READ from the START is also one of the programs that will benefit from the 12th Annual Cattle Barons' Ball at the St. Joseph Country Club.  This is a "black tie and blue jeans" affair sponsored by one of our partner organizations, the Heartland Foundation, on Friday evening, January 28, 2005.  Cocktail hour runs from 6:00 to 7:00 p.m., with dinner and dancing following.  Tickets are $60 per person.  Donations and tickets purchased before January 19 will be recognized in the evening program under the following categories:

Cattle Baron $500.00 and above
Trail Boss $251-499
Cowboy $121-250
Ranch Hand $1-120

Co-sponsoring the event are the Heartland Regional Medical Center Auxiliary and the Missouri Beef Industry Council.  Proceeds will benefit the Missouri Cattlemen's Children's Fund, emPower Plant (a citizenship project for youth in Northeast Missouri), and READ from the START.  Please make checks payable to: Heartland Foundation, 3620 Frederick Ave, St. Joseph, MO 64506. Your contribution, less $25 per ticket, is tax deductible. For more information, call the Foundation at 816-271-7200 or 1-800-447-1083.

Read MOre Holiday Gift Idea

Why not give a friend an opportunity?  That's what you'll do if you purchase Betsey Brown by Ntozake Shange, the book that will be talked about in numerous Missouri libraries in a few months.  It's a compelling family story set in St. Louis.  My colleague, Patricia Zahn, began to read it a short while ago and she says it's wonderful!

Key Ingredients Food Quiz

The Smithsonian Institution's touring exhibit on food and culture is headed our way, so it seems like a good time to begin the harvest of food stories.  Here is a short quiz, to which I don't know any of the answers.  I hope you do.

1.  With such a bounty of fresh vegetables available year-round, why do so many people prefer to serve and eat canned vegetables?  Are fresh vegetables not "food?"

2.  Why is iced tea in the Midwest a drink that requires a five-second pour from a sugar dispenser for each glass consumed? Is there a "sugar culture" that we humanists haven't given adequate study?

3.  How do so many people develop a taste for massive doses of salt in or on every plate of food?  Is there an enduring "salt culture" based on the days when food was likely a tad rancid?

If you have an opinion or answer to any of these cultural questions, I'd like to see if we can work them into the conversation about key ingredients next year.
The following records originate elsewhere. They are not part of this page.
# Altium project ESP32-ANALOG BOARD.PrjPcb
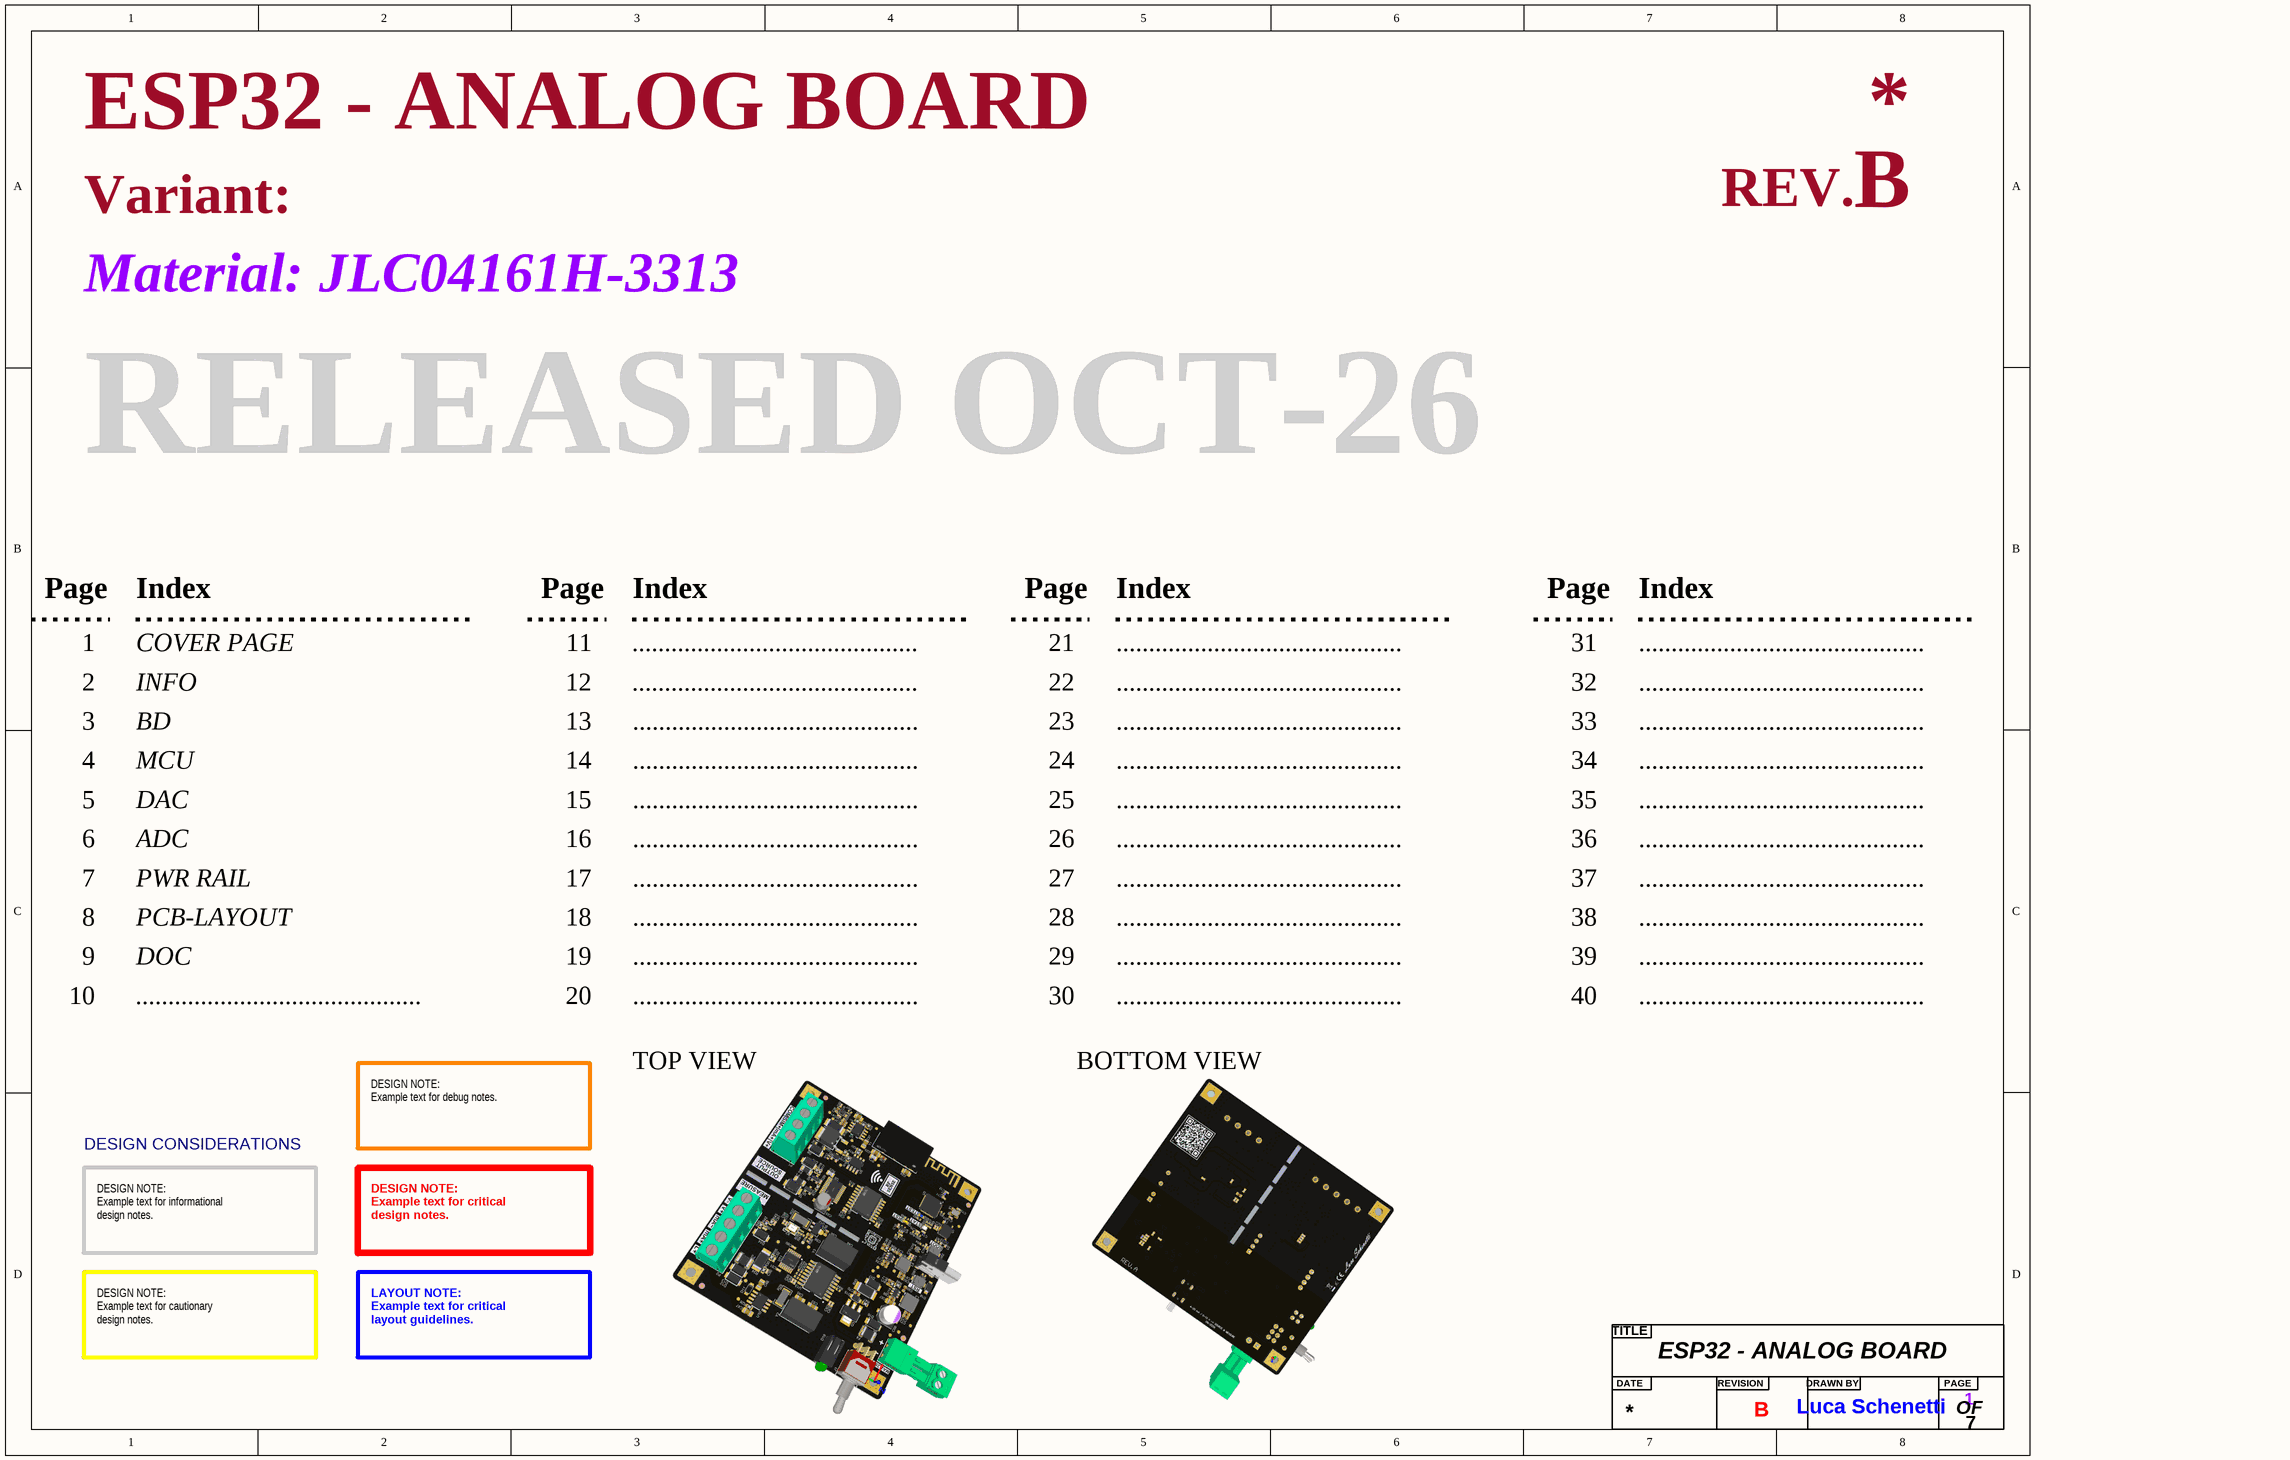
[diagram p0: COVER PAGE.SchDoc]
7 sheets, 231 parts. Net scope: flat (ports and power ports of the same name join across sheets).
Board file: PCB-LAYOUT.PcbDoc
Sheets:
  COVER PAGE.SchDoc
  INFO.SchDoc
  BD.SchDoc
  MCU.SchDoc
  DAC.SchDoc
  ADC.SchDoc
  PWR RAIL.SchDoc

## Sheet COVER PAGE.SchDoc: ESP32 - ANALOG BOARD
size A3; Author: Luca Schenetti; DrawnBy: Luca Schenetti; Engineer: Luca Schenetti; Revision: B; SheetNumber: 1; SheetTotal: 7; Material: JLC04161H-3313

### Parts
(Parts that share a designator on the sheet are numbered #1, #2 ... from top to bottom, then left to right.)
?#1  Title  (value not drawn)  (graphical)

### Notes on the sheet
- Variant:
- REV.
- Material:
- RELEASED OCT-26
- Page
- Index
- 1
- 2
- COVER PAGE
- INFO
- 11
- 12
- ............................................
- 21
- 22
- 31
- 32
- 3
- BD
- 13
- 23
- 33
- 4
- 5
- MCU
- DAC
- 14
- 15
- 24
- 25
- 34
- 35
- 6
- 7
- PWR RAIL
- ADC
- 16
- 17
- 26
- 27
- 36
- 37
- 8
- PCB-LAYOUT
- 18
- 28
- 38
- 9
- 10
- DOC
- 19
- 20
- 29
- 30
- 39
- 40
- TOP VIEW
- BOTTOM VIEW
- DESIGN CONSIDERATIONS
- DESIGN NOTE:
  Example text for debug notes.
- DESIGN NOTE:
  Example text for informational
  design notes.
- DESIGN NOTE:
  Example text for critical
  design notes.
- DESIGN NOTE:
  Example text for cautionary
  design notes.
- LAYOUT NOTE:
  Example text for critical
  layout guidelines.
- (in symbol Title) TITLE; DATE; REVISION; DRAWN BY; PAGE; OF

## Sheet INFO.SchDoc: ESP32 - ANALOG BOARD
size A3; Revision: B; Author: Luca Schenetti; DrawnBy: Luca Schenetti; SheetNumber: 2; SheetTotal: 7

And speaking of food, while the Thanksgiving turkey was roasting at my house, I took my camera outside to record the picture below.  With a sudden frost, the Japanese Maple dropped every one of its bright cherry leaves onto the long-suffering hostas, and then came a bit of snow.

Dawn's Holiday Web Picks

Dawn Schwab, whose natural gift for wordsmithing got her transferred from our accounting department to our communications department (staff of two, counting me), has written a piece that will open up some unexpected, sometimes whimsical delights of the holidays on the web.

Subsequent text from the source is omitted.